[Collected data entries]
○ ○ ○

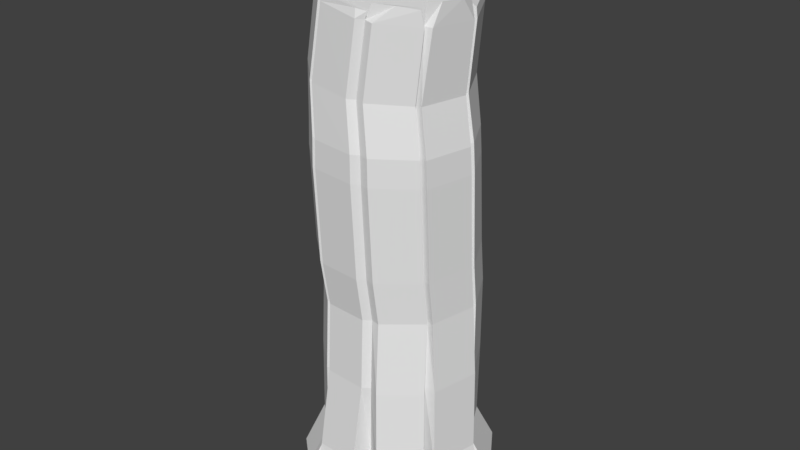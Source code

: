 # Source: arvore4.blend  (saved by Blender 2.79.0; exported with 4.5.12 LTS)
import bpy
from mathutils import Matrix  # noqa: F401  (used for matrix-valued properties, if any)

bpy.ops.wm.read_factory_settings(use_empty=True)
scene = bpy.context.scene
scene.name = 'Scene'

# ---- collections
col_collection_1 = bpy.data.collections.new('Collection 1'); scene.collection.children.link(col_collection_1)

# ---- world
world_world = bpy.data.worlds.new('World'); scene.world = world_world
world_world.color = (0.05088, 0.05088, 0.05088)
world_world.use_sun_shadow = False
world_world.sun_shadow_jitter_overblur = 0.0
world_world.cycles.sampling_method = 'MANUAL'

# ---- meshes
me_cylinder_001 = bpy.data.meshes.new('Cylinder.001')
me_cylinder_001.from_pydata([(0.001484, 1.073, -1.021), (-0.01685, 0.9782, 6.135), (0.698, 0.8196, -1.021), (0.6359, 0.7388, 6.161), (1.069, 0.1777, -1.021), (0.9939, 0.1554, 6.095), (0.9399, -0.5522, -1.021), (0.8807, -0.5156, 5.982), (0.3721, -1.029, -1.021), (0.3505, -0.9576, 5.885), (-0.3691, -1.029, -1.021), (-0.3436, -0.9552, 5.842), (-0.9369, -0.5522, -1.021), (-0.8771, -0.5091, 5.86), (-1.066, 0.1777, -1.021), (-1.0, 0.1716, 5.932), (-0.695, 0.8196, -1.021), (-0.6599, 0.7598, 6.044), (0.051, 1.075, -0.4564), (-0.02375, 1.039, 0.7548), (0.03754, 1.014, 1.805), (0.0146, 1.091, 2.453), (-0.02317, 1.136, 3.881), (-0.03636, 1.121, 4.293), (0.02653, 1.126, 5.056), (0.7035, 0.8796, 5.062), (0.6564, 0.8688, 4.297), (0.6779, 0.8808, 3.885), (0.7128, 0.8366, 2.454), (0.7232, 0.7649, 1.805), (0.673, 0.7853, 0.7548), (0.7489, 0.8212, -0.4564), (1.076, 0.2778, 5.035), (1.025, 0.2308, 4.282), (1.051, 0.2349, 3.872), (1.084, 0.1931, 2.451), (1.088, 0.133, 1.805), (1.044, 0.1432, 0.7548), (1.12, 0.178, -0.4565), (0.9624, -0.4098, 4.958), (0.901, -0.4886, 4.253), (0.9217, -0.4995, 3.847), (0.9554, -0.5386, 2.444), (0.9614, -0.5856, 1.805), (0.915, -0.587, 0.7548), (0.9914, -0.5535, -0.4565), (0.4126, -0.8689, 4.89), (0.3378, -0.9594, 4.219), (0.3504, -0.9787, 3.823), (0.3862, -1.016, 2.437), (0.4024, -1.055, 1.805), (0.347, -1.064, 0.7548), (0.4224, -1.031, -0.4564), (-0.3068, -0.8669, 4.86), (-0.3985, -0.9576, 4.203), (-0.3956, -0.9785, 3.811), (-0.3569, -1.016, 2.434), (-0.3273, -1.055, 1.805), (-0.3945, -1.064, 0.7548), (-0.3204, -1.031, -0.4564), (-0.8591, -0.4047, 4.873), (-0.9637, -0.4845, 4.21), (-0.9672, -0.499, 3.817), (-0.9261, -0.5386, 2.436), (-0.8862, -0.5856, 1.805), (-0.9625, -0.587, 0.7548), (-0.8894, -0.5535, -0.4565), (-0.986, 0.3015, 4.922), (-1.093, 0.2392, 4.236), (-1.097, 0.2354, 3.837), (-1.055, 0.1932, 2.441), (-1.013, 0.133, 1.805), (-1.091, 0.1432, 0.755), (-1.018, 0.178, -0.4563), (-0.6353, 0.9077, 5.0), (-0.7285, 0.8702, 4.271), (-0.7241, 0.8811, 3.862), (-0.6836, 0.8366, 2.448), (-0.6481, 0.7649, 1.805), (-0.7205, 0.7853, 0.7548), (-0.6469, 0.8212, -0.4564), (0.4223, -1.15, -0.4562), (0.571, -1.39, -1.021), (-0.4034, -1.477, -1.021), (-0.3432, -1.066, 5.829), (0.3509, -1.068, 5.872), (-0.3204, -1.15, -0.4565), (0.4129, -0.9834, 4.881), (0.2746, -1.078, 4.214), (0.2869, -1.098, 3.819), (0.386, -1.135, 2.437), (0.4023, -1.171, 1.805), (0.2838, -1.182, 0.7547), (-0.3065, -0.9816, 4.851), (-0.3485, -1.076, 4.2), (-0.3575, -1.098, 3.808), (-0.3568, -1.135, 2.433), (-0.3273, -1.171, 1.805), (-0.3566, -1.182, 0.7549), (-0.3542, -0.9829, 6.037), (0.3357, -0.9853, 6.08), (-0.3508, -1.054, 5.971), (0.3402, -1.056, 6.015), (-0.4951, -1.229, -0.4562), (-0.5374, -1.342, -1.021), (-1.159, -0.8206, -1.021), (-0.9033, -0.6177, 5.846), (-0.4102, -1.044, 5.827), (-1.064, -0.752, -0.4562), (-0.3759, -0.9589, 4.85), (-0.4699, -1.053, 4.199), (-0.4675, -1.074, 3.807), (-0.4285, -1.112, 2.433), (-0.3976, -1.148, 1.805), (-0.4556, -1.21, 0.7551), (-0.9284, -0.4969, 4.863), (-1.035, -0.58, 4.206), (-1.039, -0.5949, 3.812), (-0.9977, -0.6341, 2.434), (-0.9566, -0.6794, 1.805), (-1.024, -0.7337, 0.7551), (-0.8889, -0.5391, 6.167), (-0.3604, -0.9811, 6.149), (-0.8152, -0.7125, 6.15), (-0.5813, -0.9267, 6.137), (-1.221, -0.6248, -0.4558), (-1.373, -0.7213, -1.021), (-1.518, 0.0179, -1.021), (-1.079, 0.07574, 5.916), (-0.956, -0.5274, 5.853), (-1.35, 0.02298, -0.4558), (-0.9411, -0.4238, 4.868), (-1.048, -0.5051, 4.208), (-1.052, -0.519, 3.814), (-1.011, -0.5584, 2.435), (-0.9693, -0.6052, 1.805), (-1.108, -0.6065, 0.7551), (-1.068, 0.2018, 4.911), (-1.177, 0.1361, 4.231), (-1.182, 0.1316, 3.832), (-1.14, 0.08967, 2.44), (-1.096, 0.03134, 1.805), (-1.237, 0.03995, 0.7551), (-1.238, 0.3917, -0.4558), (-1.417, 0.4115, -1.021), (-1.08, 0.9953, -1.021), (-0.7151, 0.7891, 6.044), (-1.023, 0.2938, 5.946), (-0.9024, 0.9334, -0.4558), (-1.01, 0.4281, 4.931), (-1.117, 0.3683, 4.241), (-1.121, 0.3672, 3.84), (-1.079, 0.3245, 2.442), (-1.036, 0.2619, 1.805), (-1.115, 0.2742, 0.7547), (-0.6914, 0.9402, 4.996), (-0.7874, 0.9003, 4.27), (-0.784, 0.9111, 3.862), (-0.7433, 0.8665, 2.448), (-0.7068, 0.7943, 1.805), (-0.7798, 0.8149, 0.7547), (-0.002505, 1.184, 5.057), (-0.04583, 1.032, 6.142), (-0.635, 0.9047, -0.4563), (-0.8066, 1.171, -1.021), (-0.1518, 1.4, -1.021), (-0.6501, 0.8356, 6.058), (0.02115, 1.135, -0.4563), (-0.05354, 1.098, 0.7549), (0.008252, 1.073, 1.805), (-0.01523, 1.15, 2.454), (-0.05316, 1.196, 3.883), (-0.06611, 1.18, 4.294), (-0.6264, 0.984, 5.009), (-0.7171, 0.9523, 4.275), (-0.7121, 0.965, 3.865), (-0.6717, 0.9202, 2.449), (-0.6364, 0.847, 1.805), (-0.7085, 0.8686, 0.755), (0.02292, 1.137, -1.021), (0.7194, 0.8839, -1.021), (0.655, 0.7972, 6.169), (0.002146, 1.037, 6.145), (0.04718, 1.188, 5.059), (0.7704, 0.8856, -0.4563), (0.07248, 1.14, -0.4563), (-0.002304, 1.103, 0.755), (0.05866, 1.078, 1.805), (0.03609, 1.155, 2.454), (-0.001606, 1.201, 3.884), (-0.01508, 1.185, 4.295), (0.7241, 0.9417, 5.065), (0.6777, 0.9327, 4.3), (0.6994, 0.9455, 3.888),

○ ○ ○

Exercise goal
Out of the data above, set down the lines from the one with "with 4.5.12 LTS)" to the one with "me_cylinder_001 = bpy.data.meshes.new('Cylinder.001')", both included, exactly as written and with no additions.

Answer to this exercise
: # Source: arvore4.blend  (saved by Blender 2.79.0; exported with 4.5.12 LTS)
import bpy
from mathutils import Matrix  # noqa: F401  (used for matrix-valued properties, if any)

bpy.ops.wm.read_factory_settings(use_empty=True)
scene = bpy.context.scene
scene.name = 'Scene'

# ---- collections
col_collection_1 = bpy.data.collections.new('Collection 1'); scene.collection.children.link(col_collection_1)

# ---- world
world_world = bpy.data.worlds.new('World'); scene.world = world_world
world_world.color = (0.05088, 0.05088, 0.05088)
world_world.use_sun_shadow = False
world_world.sun_shadow_jitter_overblur = 0.0
world_world.cycles.sampling_method = 'MANUAL'

# ---- meshes
me_cylinder_001 = bpy.data.meshes.new('Cylinder.001')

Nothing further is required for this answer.